Provided information:
▬▬▬▬▬▬▬▬▬▬

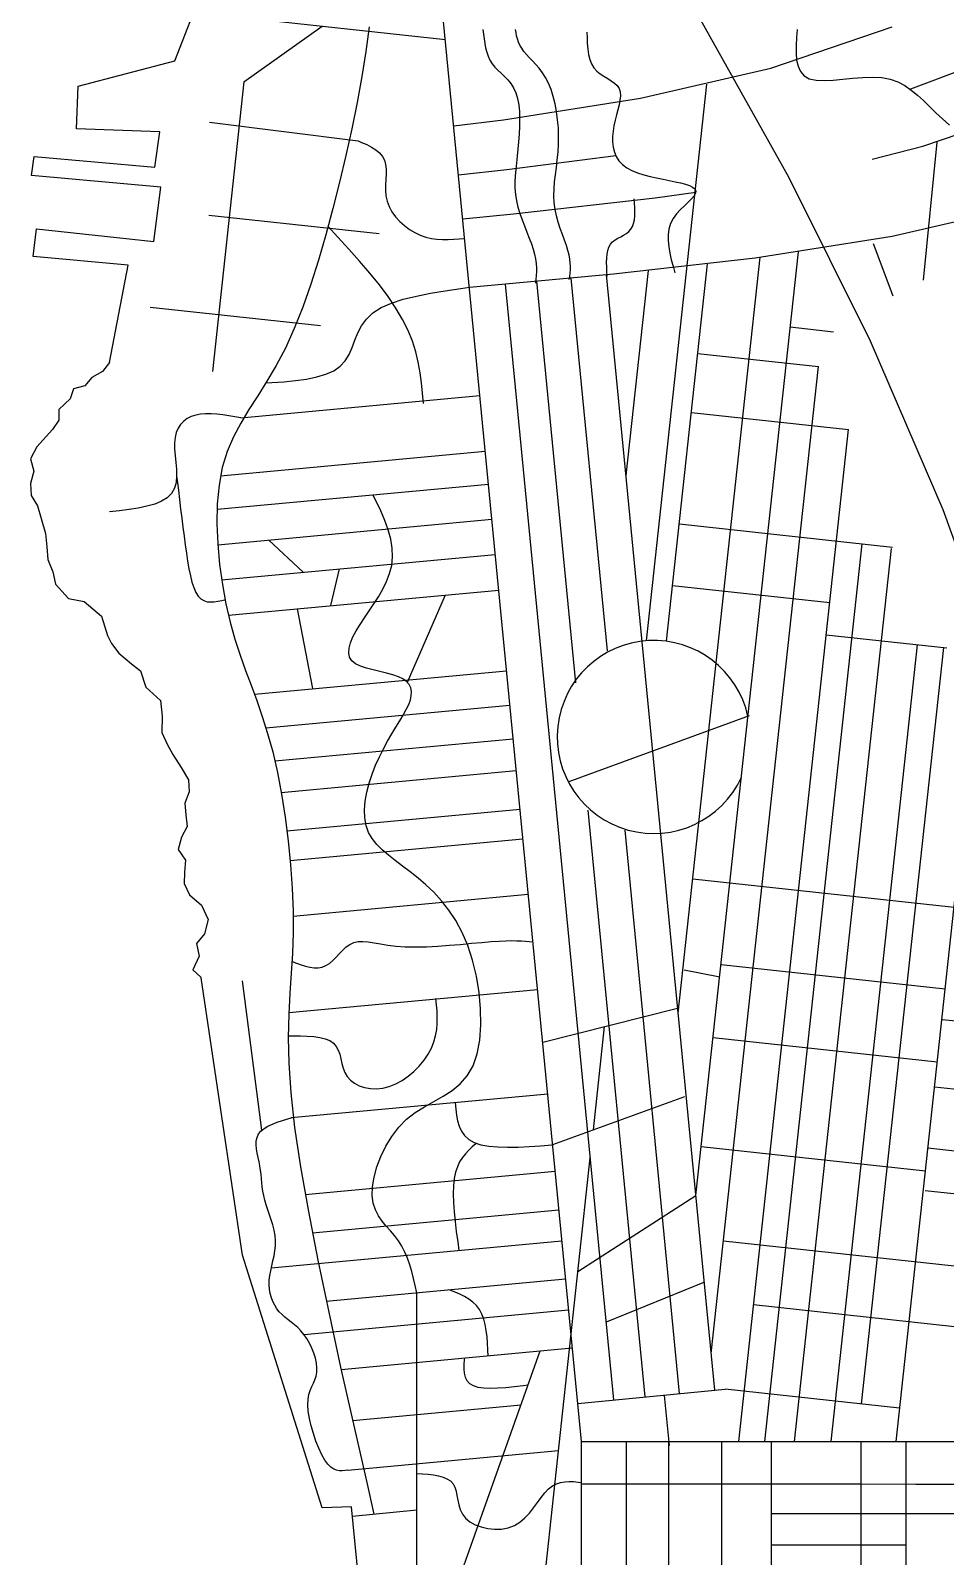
# Model space of a CAD drawing. Extents: x -15455 to 10897, y -24374 to 16165.
# Drawn here: x 3185 to 4884, y -10786 to -7955 of the extents above; entities that cross this region are included whole.
import ezdxf

# ---------------------------------------------------------------- set-up
doc = ezdxf.new("R2010")
doc.units = 0
doc.header["$MEASUREMENT"] = 0
for name, color, linetype in [('COASTLINE', 7, 'CONTINUOUS'), ('HIGHWAY', 7, 'CONTINUOUS'), ('STREETS-SPRAWL-12M', 7, 'CONTINUOUS'), ('STREETS-SPRAWL-20M', 7, 'CONTINUOUS')]:
    doc.layers.add(name, color=color, linetype=linetype)

msp = doc.modelspace()

# ---------------------------------------------------------------- linework, layer by layer
at = {"layer": 'COASTLINE', "color": 7, "linetype": 'CONTINUOUS'}
for points in [[(3331.6, -8570.6), (3366.2, -8390.1), (3189.8, -8374), (3196.2, -8322.7), (3414.4, -8346.2), (3427, -8245.3), (3187.1, -8223.9), (3191.7, -8188.6), (3415.9, -8208.1), (3425.2, -8143), (3270.8, -8137.4), (3273.6, -8058.4), (3453.1, -8011), (3505.7, -7875.9)], [(3331.6, -8570.6), (3319, -8587.2), (3299.2, -8598.6), (3285.8, -8614.1), (3264.9, -8619.4), (3258.7, -8637.9), (3237.8, -8657.9), (3238, -8677.5), (3225.7, -8694.9), (3197.2, -8727.3), (3185.4, -8749.5), (3191.1, -8772.3), (3185.2, -8795.1), (3186.1, -8817.6), (3197.9, -8836.4), (3204.8, -8860.4), (3212.7, -8887.7), (3215.6, -8912.5), (3217.6, -8936.1), (3226.9, -8959.1), (3231.6, -8982.2), (3255.7, -9008.5), (3284.9, -9014.1), (3316.8, -9041.3), (3328.2, -9077.1), (3335.3, -9092.3), (3349.3, -9109.7), (3372.4, -9129.5), (3389.1, -9142.9), (3399.4, -9172.7), (3426.4, -9197.6), (3429.6, -9226.7), (3428.7, -9256.8), (3439, -9278.6), (3449.5, -9298), (3464.8, -9322.3), (3478.6, -9344.9), (3479.7, -9367.4), (3471.4, -9388.1), (3473.4, -9410.1), (3475.8, -9431.6), (3465.6, -9451.2), (3459.3, -9473.9), (3472.6, -9493.9), (3471.3, -9516.2), (3470.5, -9537), (3480.5, -9558.4), (3502.4, -9577.7), (3514.8, -9603.9), (3507.9, -9630.3), (3493.1, -9648.4), (3498.2, -9672), (3486.7, -9697.4), (3501.2, -9711.2), (3501.9, -9712.1)], [(3683.3, -11509), (3607.3, -11494), (3693, -11073.3), (3804.2, -10926.9), (3781.1, -10693.3), (3726.8, -10695.5), (3578.7, -10226.8), (3502, -9712)]]:
    msp.add_lwpolyline(points, dxfattribs=at)
at = {"layer": 'HIGHWAY', "color": 250, "linetype": 'CONTINUOUS'}
for p, q in [((4428.6, -7935.2), (4593, -8227.7)), ((4593, -8227.7), (4743.7, -8530.3)), ((4743.7, -8530.3), (4878.7, -8843.5)), ((4878.7, -8843.5), (4995.7, -9167.4))]:
    msp.add_line(p, q, dxfattribs=at)
at = {"layer": 'STREETS-SPRAWL-12M', "color": 253, "linetype": 'CONTINUOUS'}
for p, q in [((3573.3, -7930.1), (3955.3, -7971.3)), ((3581.3, -8049.8), (3726.8, -7946.6)), ((3813.9, -7948), (3807.9, -7993.5)), ((4025.1, -7952.8), (4026.1, -7961.5)), ((4086.4, -7958.6), (4085.3, -7952.8)), ((4559.6, -8024.5), (4784.8, -7948.2)), ((4608.4, -7953), (4607.1, -7968)), ((4026.1, -7961.5), (4027.1, -7970.2)), ((4027.1, -7970.2), (4028.3, -7978.8)), ((4028.3, -7978.8), (4029.9, -7987.1)), ((4087.6, -7964.5), (4086.4, -7958.6)), ((4089.2, -7970.4), (4087.6, -7964.5)), ((4091.2, -7976.3), (4089.2, -7970.4)), ((4093.8, -7982.1), (4091.2, -7976.3)), ((4097, -7987.9), (4093.8, -7982.1)), ((4218, -7958.2), (4218.2, -7967.6)), ((4218.2, -7967.6), (4218.7, -7978.6)), ((4218.7, -7978.6), (4219.6, -7989.2)), ((4606.3, -7982.7), (4606.2, -7996.7)), ((4607.1, -7968), (4606.3, -7982.7)), ((3807.9, -7993.5), (3800.3, -8040.4)), ((4029.9, -7987.1), (4032, -7995.1)), ((4032, -7995.1), (4034.6, -8002.7)), ((4034.6, -8002.7), (4038, -8009.9)), ((4038, -8009.9), (4042.1, -8016.6)), ((4100.9, -7993.6), (4097, -7987.9)), ((4105.6, -7999.2), (4100.9, -7993.6)), ((4111, -8005), (4105.6, -7999.2)), ((4116.9, -8011.1), (4111, -8005)), ((4219.6, -7989.2), (4221.2, -7999.1)), ((4221.2, -7999.1), (4223.5, -8008.4)), ((4223.5, -8008.4), (4226.8, -8016.7)), ((4606.2, -7996.7), (4607.3, -8009.6)), ((4607.3, -8009.6), (4609.9, -8021.2)), ((4042.1, -8016.6), (4047.1, -8022.6)), ((4047.1, -8022.6), (4052.8, -8028.4)), ((4052.8, -8028.4), (4058.8, -8034)), ((4058.8, -8034), (4065.1, -8039.9)), ((4123, -8017.7), (4116.9, -8011.1)), ((4129.2, -8025), (4123, -8017.7)), ((4135.4, -8033.1), (4129.2, -8025)), ((4141.3, -8042.2), (4135.4, -8033.1)), ((4226.8, -8016.7), (4231.1, -8023.9)), ((4231.1, -8023.9), (4236.6, -8030.1)), ((4236.6, -8030.1), (4242.9, -8035.3)), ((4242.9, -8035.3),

▬▬▬▬▬▬▬▬▬▬

Aim of the task:
Reproduce the data above exactly, leaving out any picture in it.

Answer space:
# Model space of a CAD drawing. Extents: x -15455 to 10897, y -24374 to 16165.
# Drawn here: x 3185 to 4884, y -10786 to -7955 of the extents above; entities that cross this region are included whole.
import ezdxf

# ---------------------------------------------------------------- set-up
doc = ezdxf.new("R2010")
doc.units = 0
doc.header["$MEASUREMENT"] = 0
for name, color, linetype in [('COASTLINE', 7, 'CONTINUOUS'), ('HIGHWAY', 7, 'CONTINUOUS'), ('STREETS-SPRAWL-12M', 7, 'CONTINUOUS'), ('STREETS-SPRAWL-20M', 7, 'CONTINUOUS')]:
    doc.layers.add(name, color=color, linetype=linetype)

msp = doc.modelspace()

# ---------------------------------------------------------------- linework, layer by layer
at = {"layer": 'COASTLINE', "color": 7, "linetype": 'CONTINUOUS'}
for points in [[(3331.6, -8570.6), (3366.2, -8390.1), (3189.8, -8374), (3196.2, -8322.7), (3414.4, -8346.2), (3427, -8245.3), (3187.1, -8223.9), (3191.7, -8188.6), (3415.9, -8208.1), (3425.2, -8143), (3270.8, -8137.4), (3273.6, -8058.4), (3453.1, -8011), (3505.7, -7875.9)], [(3331.6, -8570.6), (3319, -8587.2), (3299.2, -8598.6), (3285.8, -8614.1), (3264.9, -8619.4), (3258.7, -8637.9), (3237.8, -8657.9), (3238, -8677.5), (3225.7, -8694.9), (3197.2, -8727.3), (3185.4, -8749.5), (3191.1, -8772.3), (3185.2, -8795.1), (3186.1, -8817.6), (3197.9, -8836.4), (3204.8, -8860.4), (3212.7, -8887.7), (3215.6, -8912.5), (3217.6, -8936.1), (3226.9, -8959.1), (3231.6, -8982.2), (3255.7, -9008.5), (3284.9, -9014.1), (3316.8, -9041.3), (3328.2, -9077.1), (3335.3, -9092.3), (3349.3, -9109.7), (3372.4, -9129.5), (3389.1, -9142.9), (3399.4, -9172.7), (3426.4, -9197.6), (3429.6, -9226.7), (3428.7, -9256.8), (3439, -9278.6), (3449.5, -9298), (3464.8, -9322.3), (3478.6, -9344.9), (3479.7, -9367.4), (3471.4, -9388.1), (3473.4, -9410.1), (3475.8, -9431.6), (3465.6, -9451.2), (3459.3, -9473.9), (3472.6, -9493.9), (3471.3, -9516.2), (3470.5, -9537), (3480.5, -9558.4), (3502.4, -9577.7), (3514.8, -9603.9), (3507.9, -9630.3), (3493.1, -9648.4), (3498.2, -9672), (3486.7, -9697.4), (3501.2, -9711.2), (3501.9, -9712.1)], [(3683.3, -11509), (3607.3, -11494), (3693, -11073.3), (3804.2, -10926.9), (3781.1, -10693.3), (3726.8, -10695.5), (3578.7, -10226.8), (3502, -9712)]]:
    msp.add_lwpolyline(points, dxfattribs=at)
at = {"layer": 'HIGHWAY', "color": 250, "linetype": 'CONTINUOUS'}
for p, q in [((4428.6, -7935.2), (4593, -8227.7)), ((4593, -8227.7), (4743.7, -8530.3)), ((4743.7, -8530.3), (4878.7, -8843.5)), ((4878.7, -8843.5), (4995.7, -9167.4))]:
    msp.add_line(p, q, dxfattribs=at)
at = {"layer": 'STREETS-SPRAWL-12M', "color": 253, "linetype": 'CONTINUOUS'}
for p, q in [((3573.3, -7930.1), (3955.3, -7971.3)), ((3581.3, -8049.8), (3726.8, -7946.6)), ((3813.9, -7948), (3807.9, -7993.5)), ((4025.1, -7952.8), (4026.1, -7961.5)), ((4086.4, -7958.6), (4085.3, -7952.8)), ((4559.6, -8024.5), (4784.8, -7948.2)), ((4608.4, -7953), (4607.1, -7968)), ((4026.1, -7961.5), (4027.1, -7970.2)), ((4027.1, -7970.2), (4028.3, -7978.8)), ((4028.3, -7978.8), (4029.9, -7987.1)), ((4087.6, -7964.5), (4086.4, -7958.6)), ((4089.2, -7970.4), (4087.6, -7964.5)), ((4091.2, -7976.3), (4089.2, -7970.4)), ((4093.8, -7982.1), (4091.2, -7976.3)), ((4097, -7987.9), (4093.8, -7982.1)), ((4218, -7958.2), (4218.2, -7967.6)), ((4218.2, -7967.6), (4218.7, -7978.6)), ((4218.7, -7978.6), (4219.6, -7989.2)), ((4606.3, -7982.7), (4606.2, -7996.7)), ((4607.1, -7968), (4606.3, -7982.7)), ((3807.9, -7993.5), (3800.3, -8040.4)), ((4029.9, -7987.1), (4032, -7995.1)), ((4032, -7995.1), (4034.6, -8002.7)), ((4034.6, -8002.7), (4038, -8009.9)), ((4038, -8009.9), (4042.1, -8016.6)), ((4100.9, -7993.6), (4097, -7987.9)), ((4105.6, -7999.2), (4100.9, -7993.6)), ((4111, -8005), (4105.6, -7999.2)), ((4116.9, -8011.1), (4111, -8005)), ((4219.6, -7989.2), (4221.2, -7999.1)), ((4221.2, -7999.1), (4223.5, -8008.4)), ((4223.5, -8008.4), (4226.8, -8016.7)), ((4606.2, -7996.7), (4607.3, -8009.6)), ((4607.3, -8009.6), (4609.9, -8021.2)), ((4042.1, -8016.6), (4047.1, -8022.6)), ((4047.1, -8022.6), (4052.8, -8028.4)), ((4052.8, -8028.4), (4058.8, -8034)), ((4058.8, -8034), (4065.1, -8039.9)), ((4123, -8017.7), (4116.9, -8011.1)), ((4129.2, -8025), (4123, -8017.7)), ((4135.4, -8033.1), (4129.2, -8025)), ((4141.3, -8042.2), (4135.4, -8033.1)), ((4226.8, -8016.7), (4231.1, -8023.9)), ((4231.1, -8023.9), (4236.6, -8030.1)), ((4236.6, -8030.1), (4242.9, -8035.3)), ((4242.9, -8035.3),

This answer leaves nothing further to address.